[Data items]
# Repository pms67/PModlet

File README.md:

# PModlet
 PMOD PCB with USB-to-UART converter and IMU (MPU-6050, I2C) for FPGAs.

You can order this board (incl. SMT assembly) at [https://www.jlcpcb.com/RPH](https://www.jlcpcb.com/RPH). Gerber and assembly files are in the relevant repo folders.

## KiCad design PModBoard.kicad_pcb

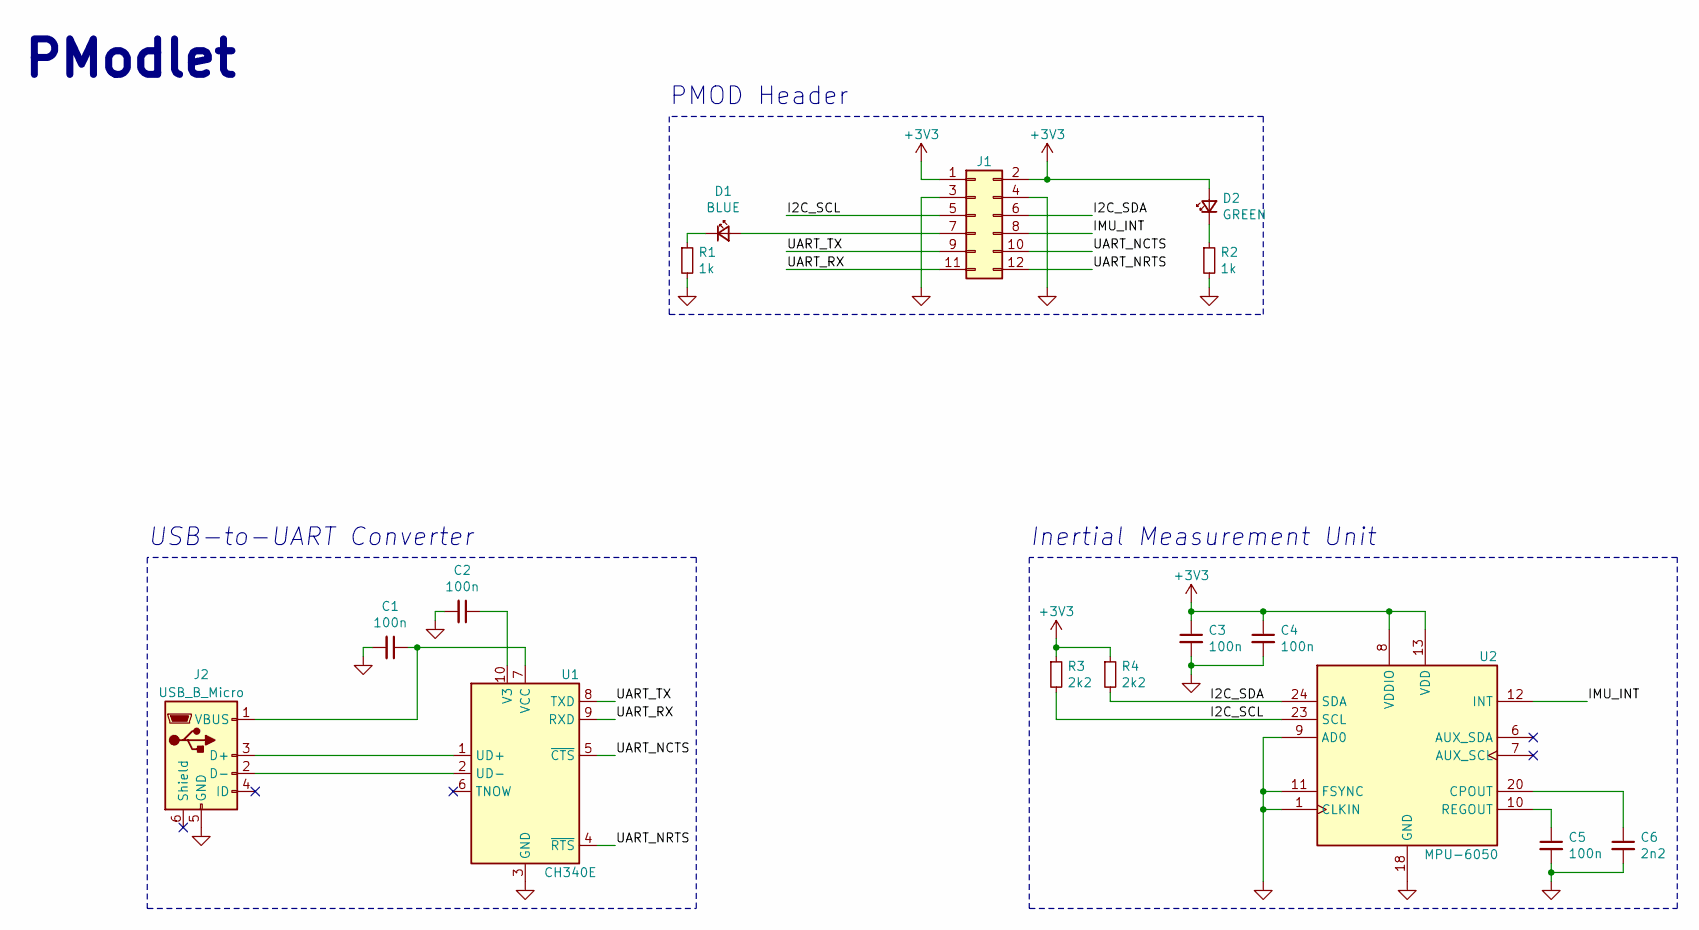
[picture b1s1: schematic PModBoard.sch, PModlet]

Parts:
C1, C2, C3, C4, C5: 100n; C_0402_1005Metric
C6: 2n2; C_0402_1005Metric
D1: BLUE; LED_0603_1608Metric
D2: GREEN; LED_0603_1608Metric
J1: Conn_02x06_Odd_Even; PinHeader_2x06_P2.54mm_Horizontal
J2: USB_B_Micro; MicroXNJ
R1, R2: 1k; R_0402_1005Metric
R3, R4: 2k2; R_0402_1005Metric
U1: CH340E; MSOP-10_3x3mm_P0.5mm
U2: MPU-6050; InvenSense_QFN-24_4x4mm_P0.5mm

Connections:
+3V3: C3.1, C4.1, D2.2 (A), J1.1, J1.2, R3.1, R4.1, U2.8 (VDDIO), U2.13 (VDD)
/I2C_SCL: J1.5, R3.2, U2.23 (SCL)
/I2C_SDA: J1.6, R4.2, U2.24 (SDA)
/IMU_INT: J1.8, U2.12 (INT)
/UART_NCTS: J1.10, U1.5 (~CTS)
/UART_NRTS: J1.12, U1.4 (~RTS)
/UART_RX: J1.11, U1.9 (RXD)
/UART_TX: J1.9, U1.8 (TXD)
GND: C1.2, C2.2, C3.2, C4.2, C5.2, C6.2, J1.3, J1.4, J2.5 (GND), R1.2, R2.2, U1.3 (GND), U2.1 (CLKIN), U2.9 (AD0), U2.11 (FSYNC), U2.18 (GND)
unnamed: C1.1, J2.1 (VBUS), U1.7 (VCC)
unnamed: C2.1, U1.10 (V3)
unnamed: C5.1, U2.10 (REGOUT)
unnamed: C6.1, U2.20 (CPOUT)
unnamed: D1.1 (K), R1.1
unnamed: D1.2 (A), J1.7
unnamed: D2.1 (K), R2.1
unnamed: J2.2 (D-), U1.2 (UD-)
unnamed: J2.3 (D+), U1.1 (UD+)

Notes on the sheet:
PMOD Header
USB-to-UART Converter
Inertial Measurement Unit
PModlet

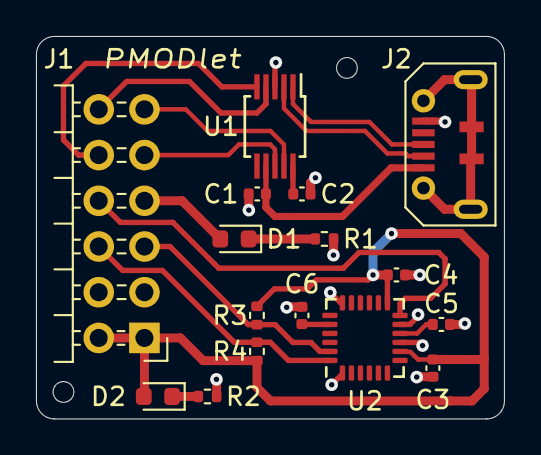
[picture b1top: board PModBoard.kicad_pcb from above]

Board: 2 copper layers, 26.0 x 21.2 mm, 16 parts (0 on the bottom side), 18 nets.

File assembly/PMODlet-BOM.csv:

"Designator","Quantity","Value","Cmp name","Footprint","Description","Vendor","LCSC Part #"
"C1, C2, C3, C4, C5, ","5","100n","C_Small","Capacitor_SMD:C_0402_1005Metric","Unpolarized capacitor, small symbol","","C1525"
"C6, ","1","2n2","C_Small","Capacitor_SMD:C_0402_1005Metric","Unpolarized capacitor, small symbol","","C1531"
"D1, ","1","BLUE","LED_Small","LED_SMD:LED_0603_1608Metric","Light emitting diode, small symbol","","C72041"
"D2, ","1","GREEN","LED_Small","LED_SMD:LED_0603_1608Metric","Light emitting diode, small symbol","","C72043"
"J1, ","1","Conn_02x06_Odd_Even","Conn_02x06_Odd_Even","Connector_PinHeader_2.54mm:PinHeader_2x06_P2.54mm_Horizontal","Generic connector, double row, 02x06, odd/even pin numbering scheme (row 1 odd numbers, row 2 even numbers), script generated (kicad-library-utils/schlib/autogen/connector/)","","C124388"
"J2, ","1","USB_B_Micro","USB_B_Micro","BluePhil-Footprints:MicroXNJ","USB Micro Type B connector","","C404969"
"R1, R2, ","2","1k","R_Small","Resistor_SMD:R_0402_1005Metric","Resistor, small symbol","","C11702"
"R3, R4, ","2","2k2","R_Small","Resistor_SMD:R_0402_1005Metric","Resistor, small symbol","","C25879"
"U1, ","1","CH340E","CH340E","Package_SO:MSOP-10_3x3mm_P0.5mm","USB serial converter, UART, MSOP-10","","C99652"
"U2, ","1","MPU-6050","MPU-6050","Sensor_Motion:InvenSense_QFN-24_4x4mm_P0.5mm","InvenSense 6-Axis Motion Sensor, Gyroscope, Accelerometer, I2C","","C24112"

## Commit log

2021-07-06 Initial commit.

(Brief)
Copy all lines above containing the string "PModBoard".

(Written solution)
## KiCad design PModBoard.kicad_pcb
[picture b1s1: schematic PModBoard.sch, PModlet]
[picture b1top: board PModBoard.kicad_pcb from above]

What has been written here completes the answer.